Map of Norway

Farther north, enclosed within their skerries, are the little towns of Alesund and Kristiansund, which have continued to depend on the fisheries for their living; and the hard conditions of thefisherman’s trade are displayed most vividly in the Lofoten Islands.

In the latitude of the Lofotens begins northern Norway, with its numerous islands emerging from the sea like the peaks of a submerged mountain range and the alarmingly narrow passages between them. Ensconced in its fjord is Narvik, the ice-free port which ships the iron ore of Swedish Lapland, brought from the mines on the “ore railway” over a pass 593 m (1 945 ft) high.

In the most northerly part of Norway the fjords, flanked by the sheer rock faces which terminate the featureless mountain plateaux, are rather broader. Hammerfest, the most northerly town in Europe, is still 100 km (60 miles) short of the North Cape.
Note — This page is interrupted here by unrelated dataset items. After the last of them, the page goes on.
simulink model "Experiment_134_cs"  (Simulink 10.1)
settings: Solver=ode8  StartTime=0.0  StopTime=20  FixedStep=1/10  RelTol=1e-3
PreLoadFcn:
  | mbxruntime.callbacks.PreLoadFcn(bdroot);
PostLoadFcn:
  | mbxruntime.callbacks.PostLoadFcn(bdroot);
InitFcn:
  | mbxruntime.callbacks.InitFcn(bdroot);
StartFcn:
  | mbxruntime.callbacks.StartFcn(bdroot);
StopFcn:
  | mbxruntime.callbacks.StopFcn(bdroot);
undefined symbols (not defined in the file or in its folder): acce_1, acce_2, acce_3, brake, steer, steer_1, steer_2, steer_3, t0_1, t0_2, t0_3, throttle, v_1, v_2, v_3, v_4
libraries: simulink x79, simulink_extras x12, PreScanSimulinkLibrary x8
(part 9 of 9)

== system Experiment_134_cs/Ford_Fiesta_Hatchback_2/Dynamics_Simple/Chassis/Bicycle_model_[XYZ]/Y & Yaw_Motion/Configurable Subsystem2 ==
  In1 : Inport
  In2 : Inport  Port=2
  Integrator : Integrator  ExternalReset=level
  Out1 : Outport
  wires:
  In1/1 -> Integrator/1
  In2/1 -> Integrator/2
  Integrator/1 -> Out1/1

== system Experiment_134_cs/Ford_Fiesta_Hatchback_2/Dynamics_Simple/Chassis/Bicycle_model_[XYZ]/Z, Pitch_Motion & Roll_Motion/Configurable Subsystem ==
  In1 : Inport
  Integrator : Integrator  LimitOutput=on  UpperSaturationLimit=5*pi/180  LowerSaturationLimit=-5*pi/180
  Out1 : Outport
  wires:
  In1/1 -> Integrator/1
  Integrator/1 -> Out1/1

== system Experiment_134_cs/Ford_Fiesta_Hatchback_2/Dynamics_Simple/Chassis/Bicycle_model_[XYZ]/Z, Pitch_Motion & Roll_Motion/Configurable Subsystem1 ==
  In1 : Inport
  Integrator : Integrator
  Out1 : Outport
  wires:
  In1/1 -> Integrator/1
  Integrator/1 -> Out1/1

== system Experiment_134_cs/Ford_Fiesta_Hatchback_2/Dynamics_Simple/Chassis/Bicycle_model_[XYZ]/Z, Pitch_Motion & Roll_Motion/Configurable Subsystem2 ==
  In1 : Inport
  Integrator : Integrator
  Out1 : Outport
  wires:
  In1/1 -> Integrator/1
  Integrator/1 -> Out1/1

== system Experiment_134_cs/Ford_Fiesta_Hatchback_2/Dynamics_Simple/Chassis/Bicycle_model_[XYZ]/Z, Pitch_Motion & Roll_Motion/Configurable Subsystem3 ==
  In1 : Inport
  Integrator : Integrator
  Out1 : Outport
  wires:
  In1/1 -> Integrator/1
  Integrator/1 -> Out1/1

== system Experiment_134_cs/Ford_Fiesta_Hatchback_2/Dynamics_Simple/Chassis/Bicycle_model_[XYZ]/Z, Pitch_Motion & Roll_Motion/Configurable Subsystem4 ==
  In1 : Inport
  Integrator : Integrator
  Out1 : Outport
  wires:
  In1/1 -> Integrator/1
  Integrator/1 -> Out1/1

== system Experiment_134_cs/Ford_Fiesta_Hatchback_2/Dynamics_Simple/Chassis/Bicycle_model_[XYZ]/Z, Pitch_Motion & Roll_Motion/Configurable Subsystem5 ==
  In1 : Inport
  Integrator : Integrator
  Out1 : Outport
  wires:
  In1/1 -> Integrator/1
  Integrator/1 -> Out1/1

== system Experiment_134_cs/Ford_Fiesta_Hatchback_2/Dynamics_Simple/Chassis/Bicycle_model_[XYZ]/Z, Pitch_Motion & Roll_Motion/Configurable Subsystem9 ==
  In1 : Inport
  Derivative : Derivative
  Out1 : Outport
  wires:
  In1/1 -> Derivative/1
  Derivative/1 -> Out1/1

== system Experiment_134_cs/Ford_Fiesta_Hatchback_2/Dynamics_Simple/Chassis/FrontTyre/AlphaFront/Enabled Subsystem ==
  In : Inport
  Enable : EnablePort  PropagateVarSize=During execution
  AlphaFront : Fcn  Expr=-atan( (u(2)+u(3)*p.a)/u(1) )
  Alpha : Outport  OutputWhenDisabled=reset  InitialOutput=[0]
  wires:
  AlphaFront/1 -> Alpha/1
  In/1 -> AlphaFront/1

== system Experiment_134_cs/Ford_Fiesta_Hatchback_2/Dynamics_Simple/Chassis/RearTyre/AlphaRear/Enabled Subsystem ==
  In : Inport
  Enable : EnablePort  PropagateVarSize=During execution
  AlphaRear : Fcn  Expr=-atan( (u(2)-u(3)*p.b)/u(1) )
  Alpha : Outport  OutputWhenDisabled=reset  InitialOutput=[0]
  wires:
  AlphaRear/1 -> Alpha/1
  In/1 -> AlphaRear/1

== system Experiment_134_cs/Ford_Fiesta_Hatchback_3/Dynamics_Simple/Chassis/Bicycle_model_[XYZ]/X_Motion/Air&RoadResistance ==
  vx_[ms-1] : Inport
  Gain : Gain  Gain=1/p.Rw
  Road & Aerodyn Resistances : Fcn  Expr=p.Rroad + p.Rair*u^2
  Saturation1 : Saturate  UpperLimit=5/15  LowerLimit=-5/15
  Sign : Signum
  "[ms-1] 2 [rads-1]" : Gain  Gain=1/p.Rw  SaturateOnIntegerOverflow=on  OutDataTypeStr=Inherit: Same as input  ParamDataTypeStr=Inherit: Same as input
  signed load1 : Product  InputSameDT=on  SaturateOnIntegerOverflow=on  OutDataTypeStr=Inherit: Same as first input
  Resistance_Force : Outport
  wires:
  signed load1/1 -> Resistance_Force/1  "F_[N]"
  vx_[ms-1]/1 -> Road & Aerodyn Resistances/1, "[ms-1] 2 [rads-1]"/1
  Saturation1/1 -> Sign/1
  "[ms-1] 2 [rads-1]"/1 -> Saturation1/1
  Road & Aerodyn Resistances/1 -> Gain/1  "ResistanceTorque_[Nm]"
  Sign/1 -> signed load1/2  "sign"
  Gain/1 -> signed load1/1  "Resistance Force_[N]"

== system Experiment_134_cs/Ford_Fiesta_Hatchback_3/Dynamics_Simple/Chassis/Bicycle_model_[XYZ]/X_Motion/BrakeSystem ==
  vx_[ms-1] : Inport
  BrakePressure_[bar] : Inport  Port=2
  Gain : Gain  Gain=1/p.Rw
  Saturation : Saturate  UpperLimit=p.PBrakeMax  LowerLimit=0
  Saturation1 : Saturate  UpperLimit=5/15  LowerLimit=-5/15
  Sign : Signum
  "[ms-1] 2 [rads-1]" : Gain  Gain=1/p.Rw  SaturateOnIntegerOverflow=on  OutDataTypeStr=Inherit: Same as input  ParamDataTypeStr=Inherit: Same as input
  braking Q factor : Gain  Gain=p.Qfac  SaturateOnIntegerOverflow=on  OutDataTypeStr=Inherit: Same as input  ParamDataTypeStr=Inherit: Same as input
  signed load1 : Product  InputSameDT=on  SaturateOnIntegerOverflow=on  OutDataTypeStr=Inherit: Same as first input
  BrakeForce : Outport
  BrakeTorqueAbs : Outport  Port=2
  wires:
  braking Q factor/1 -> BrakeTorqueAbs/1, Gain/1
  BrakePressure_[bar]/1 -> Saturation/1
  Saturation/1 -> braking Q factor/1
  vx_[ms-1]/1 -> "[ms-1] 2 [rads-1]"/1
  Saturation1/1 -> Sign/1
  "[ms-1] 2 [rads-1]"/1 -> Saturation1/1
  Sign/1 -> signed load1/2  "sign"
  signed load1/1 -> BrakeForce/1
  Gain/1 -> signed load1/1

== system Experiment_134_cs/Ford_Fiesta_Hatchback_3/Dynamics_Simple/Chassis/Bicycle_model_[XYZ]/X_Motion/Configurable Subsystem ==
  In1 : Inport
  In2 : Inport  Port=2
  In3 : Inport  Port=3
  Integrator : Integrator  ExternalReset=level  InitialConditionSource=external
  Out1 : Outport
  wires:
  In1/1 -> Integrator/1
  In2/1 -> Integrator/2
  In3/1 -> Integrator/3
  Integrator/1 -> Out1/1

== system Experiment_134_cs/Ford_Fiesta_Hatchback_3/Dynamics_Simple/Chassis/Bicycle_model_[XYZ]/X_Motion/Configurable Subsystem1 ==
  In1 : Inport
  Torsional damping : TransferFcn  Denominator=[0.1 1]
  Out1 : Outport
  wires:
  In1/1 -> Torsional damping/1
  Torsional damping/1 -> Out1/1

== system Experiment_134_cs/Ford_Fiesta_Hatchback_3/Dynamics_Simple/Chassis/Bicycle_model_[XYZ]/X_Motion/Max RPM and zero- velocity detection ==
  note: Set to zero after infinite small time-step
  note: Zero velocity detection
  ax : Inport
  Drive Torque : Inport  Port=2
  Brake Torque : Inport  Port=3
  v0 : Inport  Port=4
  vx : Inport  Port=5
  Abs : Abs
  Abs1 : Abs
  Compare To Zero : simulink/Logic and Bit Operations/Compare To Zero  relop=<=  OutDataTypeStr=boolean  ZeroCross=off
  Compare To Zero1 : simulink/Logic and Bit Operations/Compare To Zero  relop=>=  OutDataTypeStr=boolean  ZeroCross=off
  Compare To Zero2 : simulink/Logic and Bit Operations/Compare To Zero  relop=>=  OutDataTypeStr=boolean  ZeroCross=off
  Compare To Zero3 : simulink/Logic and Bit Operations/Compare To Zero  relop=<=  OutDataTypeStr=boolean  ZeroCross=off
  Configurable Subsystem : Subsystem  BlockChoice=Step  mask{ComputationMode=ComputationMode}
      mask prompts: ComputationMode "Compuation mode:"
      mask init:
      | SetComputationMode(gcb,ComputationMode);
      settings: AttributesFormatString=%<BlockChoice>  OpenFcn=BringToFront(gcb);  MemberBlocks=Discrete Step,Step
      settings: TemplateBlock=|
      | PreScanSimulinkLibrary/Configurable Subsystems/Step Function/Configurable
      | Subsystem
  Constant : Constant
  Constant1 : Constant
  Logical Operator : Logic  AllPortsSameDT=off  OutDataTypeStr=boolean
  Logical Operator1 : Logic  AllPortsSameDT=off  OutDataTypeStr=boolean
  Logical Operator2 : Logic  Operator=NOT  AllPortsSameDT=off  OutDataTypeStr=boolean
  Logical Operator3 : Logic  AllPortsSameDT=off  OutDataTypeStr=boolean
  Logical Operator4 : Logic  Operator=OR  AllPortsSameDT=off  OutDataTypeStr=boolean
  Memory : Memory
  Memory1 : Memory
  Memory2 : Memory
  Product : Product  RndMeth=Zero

One of the most interesting places in this area is Bossekop, on the Altafjord -almost the only point at which the two elements in the economy of the most northerly part of Europe, fishing and reindeer-herding, are found together.

Everywhere along the much-indented west coast of Norway rear up the Scandinavian mountains. Although there are a number of convenient routes through the mountains there are relatively few contacts between the west coast of Norway and the interior of Sweden. Northern Norway is too exclusively turned towards the sea, and the economically unproductive swath of mountain country (parts of which, to the north, are still used as grazing for the Lapps’ reindeer herds) is too broad to encourage communication between the two regions.